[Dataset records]
Segment Open
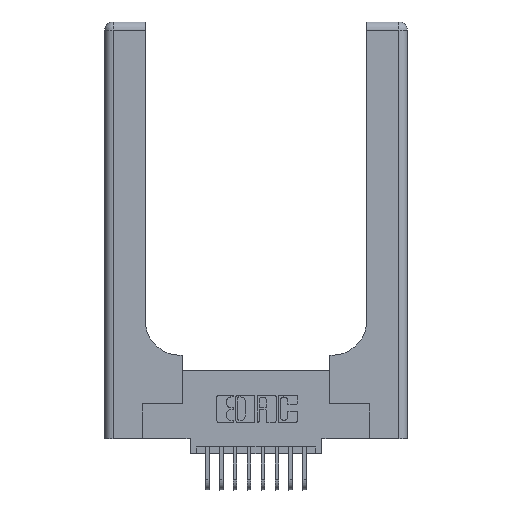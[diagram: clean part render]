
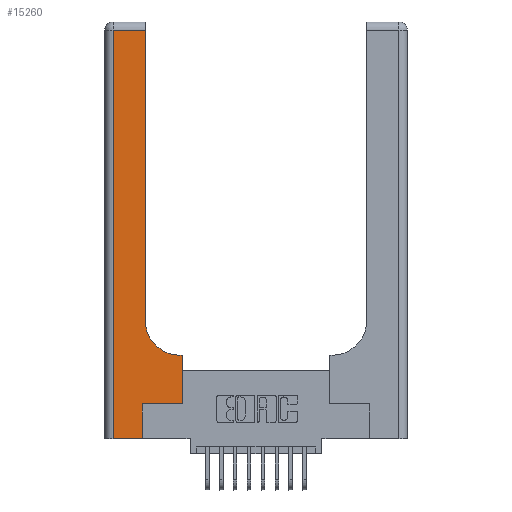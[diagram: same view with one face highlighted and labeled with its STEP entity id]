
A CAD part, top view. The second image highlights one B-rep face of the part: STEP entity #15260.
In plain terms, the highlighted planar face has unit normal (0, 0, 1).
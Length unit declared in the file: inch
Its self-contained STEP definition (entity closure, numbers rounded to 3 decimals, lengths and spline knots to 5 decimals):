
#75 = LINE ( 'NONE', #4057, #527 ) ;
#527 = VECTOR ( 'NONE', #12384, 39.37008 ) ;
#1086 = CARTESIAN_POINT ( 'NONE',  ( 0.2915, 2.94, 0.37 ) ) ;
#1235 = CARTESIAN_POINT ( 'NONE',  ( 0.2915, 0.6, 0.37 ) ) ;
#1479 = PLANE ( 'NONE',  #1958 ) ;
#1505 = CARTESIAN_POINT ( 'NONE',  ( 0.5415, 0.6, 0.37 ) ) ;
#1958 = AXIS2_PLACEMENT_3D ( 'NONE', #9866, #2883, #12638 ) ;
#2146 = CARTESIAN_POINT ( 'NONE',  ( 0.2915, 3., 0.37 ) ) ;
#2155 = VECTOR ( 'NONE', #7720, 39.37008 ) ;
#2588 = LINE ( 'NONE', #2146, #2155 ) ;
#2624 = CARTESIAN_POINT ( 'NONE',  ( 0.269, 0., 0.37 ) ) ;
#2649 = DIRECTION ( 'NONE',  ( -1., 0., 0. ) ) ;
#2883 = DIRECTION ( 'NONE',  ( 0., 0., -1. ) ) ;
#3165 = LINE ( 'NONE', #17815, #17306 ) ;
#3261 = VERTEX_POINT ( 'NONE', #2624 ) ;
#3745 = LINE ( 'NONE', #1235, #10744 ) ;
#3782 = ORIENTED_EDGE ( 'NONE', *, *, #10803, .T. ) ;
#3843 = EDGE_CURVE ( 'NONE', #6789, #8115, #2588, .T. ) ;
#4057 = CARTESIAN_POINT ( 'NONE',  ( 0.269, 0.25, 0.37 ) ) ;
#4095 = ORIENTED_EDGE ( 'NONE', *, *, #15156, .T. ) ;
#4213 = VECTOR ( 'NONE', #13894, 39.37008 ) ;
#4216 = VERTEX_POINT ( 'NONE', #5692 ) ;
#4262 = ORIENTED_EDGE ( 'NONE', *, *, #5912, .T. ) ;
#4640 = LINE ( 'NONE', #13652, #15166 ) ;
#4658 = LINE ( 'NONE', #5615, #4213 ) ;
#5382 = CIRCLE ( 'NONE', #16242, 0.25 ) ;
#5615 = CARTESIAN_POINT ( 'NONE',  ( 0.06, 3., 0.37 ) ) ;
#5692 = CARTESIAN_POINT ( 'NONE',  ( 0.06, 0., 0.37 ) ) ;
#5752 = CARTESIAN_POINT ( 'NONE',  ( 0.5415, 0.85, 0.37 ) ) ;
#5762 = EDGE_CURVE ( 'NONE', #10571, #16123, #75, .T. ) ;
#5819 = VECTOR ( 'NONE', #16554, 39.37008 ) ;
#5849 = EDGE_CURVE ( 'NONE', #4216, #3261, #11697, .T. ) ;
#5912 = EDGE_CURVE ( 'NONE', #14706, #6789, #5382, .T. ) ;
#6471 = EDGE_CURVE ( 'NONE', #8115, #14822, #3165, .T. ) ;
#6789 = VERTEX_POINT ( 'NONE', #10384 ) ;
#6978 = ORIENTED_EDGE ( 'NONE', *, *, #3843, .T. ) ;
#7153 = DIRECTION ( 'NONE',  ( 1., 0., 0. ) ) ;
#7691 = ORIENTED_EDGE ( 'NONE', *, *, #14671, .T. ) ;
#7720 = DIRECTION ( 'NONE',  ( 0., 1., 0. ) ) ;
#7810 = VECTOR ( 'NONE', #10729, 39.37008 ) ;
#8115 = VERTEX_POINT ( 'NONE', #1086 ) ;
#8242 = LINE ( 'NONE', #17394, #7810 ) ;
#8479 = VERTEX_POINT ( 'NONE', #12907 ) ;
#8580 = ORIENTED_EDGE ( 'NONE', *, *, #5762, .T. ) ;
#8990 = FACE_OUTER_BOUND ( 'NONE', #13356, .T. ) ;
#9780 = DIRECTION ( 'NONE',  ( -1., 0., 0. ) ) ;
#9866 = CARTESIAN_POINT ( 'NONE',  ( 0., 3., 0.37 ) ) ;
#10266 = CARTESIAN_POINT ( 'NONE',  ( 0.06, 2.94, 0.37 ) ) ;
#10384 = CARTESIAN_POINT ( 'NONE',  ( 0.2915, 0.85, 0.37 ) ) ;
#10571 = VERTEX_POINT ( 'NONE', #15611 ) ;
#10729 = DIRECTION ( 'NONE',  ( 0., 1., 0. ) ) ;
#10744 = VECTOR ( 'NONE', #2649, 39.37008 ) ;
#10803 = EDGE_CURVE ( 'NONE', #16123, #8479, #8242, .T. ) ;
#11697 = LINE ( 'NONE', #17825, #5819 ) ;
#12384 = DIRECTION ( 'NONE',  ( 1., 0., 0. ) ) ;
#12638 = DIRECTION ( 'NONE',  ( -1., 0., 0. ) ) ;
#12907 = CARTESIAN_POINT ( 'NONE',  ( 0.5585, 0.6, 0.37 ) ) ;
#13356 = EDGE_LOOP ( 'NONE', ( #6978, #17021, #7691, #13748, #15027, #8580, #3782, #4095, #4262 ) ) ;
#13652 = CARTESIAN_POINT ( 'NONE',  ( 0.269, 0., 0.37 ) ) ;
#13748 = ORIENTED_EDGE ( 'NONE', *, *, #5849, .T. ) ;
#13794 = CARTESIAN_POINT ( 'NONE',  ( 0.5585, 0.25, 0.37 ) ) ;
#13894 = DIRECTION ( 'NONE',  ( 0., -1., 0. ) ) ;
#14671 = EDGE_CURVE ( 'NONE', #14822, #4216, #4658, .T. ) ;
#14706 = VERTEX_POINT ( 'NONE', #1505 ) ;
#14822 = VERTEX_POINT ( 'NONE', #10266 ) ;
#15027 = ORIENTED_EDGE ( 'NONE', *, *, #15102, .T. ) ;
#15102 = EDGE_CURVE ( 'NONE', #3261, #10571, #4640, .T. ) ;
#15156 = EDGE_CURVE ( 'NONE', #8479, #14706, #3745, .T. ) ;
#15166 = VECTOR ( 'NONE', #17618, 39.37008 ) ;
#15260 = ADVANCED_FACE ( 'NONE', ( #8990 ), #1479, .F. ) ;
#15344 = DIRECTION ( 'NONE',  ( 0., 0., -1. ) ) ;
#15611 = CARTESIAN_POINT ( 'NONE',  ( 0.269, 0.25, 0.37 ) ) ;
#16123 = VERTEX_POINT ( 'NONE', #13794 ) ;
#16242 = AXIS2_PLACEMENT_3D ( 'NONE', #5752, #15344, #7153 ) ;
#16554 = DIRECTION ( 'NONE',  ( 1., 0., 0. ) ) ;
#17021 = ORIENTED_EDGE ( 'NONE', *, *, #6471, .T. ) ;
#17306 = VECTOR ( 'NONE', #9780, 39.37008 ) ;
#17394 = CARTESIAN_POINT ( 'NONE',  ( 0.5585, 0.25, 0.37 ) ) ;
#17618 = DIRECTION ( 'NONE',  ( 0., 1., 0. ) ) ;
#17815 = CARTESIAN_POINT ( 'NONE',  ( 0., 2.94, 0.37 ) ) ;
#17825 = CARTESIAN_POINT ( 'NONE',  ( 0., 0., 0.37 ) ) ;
Segment Closed
* [Instructions to follow] The line with "#12907 = CARTESIAN_POINT" through the last line of the entries above: output exactly those lines and nothing else.

* [Expected answer]
#12907 = CARTESIAN_POINT ( 'NONE',  ( 0.5585, 0.6, 0.37 ) ) ;
#13356 = EDGE_LOOP ( 'NONE', ( #6978, #17021, #7691, #13748, #15027, #8580, #3782, #4095, #4262 ) ) ;
#13652 = CARTESIAN_POINT ( 'NONE',  ( 0.269, 0., 0.37 ) ) ;
#13748 = ORIENTED_EDGE ( 'NONE', *, *, #5849, .T. ) ;
#13794 = CARTESIAN_POINT ( 'NONE',  ( 0.5585, 0.25, 0.37 ) ) ;
#13894 = DIRECTION ( 'NONE',  ( 0., -1., 0. ) ) ;
#14671 = EDGE_CURVE ( 'NONE', #14822, #4216, #4658, .T. ) ;
#14706 = VERTEX_POINT ( 'NONE', #1505 ) ;
#14822 = VERTEX_POINT ( 'NONE', #10266 ) ;
#15027 = ORIENTED_EDGE ( 'NONE', *, *, #15102, .T. ) ;
#15102 = EDGE_CURVE ( 'NONE', #3261, #10571, #4640, .T. ) ;
#15156 = EDGE_CURVE ( 'NONE', #8479, #14706, #3745, .T. ) ;
#15166 = VECTOR ( 'NONE', #17618, 39.37008 ) ;
#15260 = ADVANCED_FACE ( 'NONE', ( #8990 ), #1479, .F. ) ;
#15344 = DIRECTION ( 'NONE',  ( 0., 0., -1. ) ) ;
#15611 = CARTESIAN_POINT ( 'NONE',  ( 0.269, 0.25, 0.37 ) ) ;
#16123 = VERTEX_POINT ( 'NONE', #13794 ) ;
#16242 = AXIS2_PLACEMENT_3D ( 'NONE', #5752, #15344, #7153 ) ;
#16554 = DIRECTION ( 'NONE',  ( 1., 0., 0. ) ) ;
#17021 = ORIENTED_EDGE ( 'NONE', *, *, #6471, .T. ) ;
#17306 = VECTOR ( 'NONE', #9780, 39.37008 ) ;
#17394 = CARTESIAN_POINT ( 'NONE',  ( 0.5585, 0.25, 0.37 ) ) ;
#17618 = DIRECTION ( 'NONE',  ( 0., 1., 0. ) ) ;
#17815 = CARTESIAN_POINT ( 'NONE',  ( 0., 2.94, 0.37 ) ) ;
#17825 = CARTESIAN_POINT ( 'NONE',  ( 0., 0., 0.37 ) ) ;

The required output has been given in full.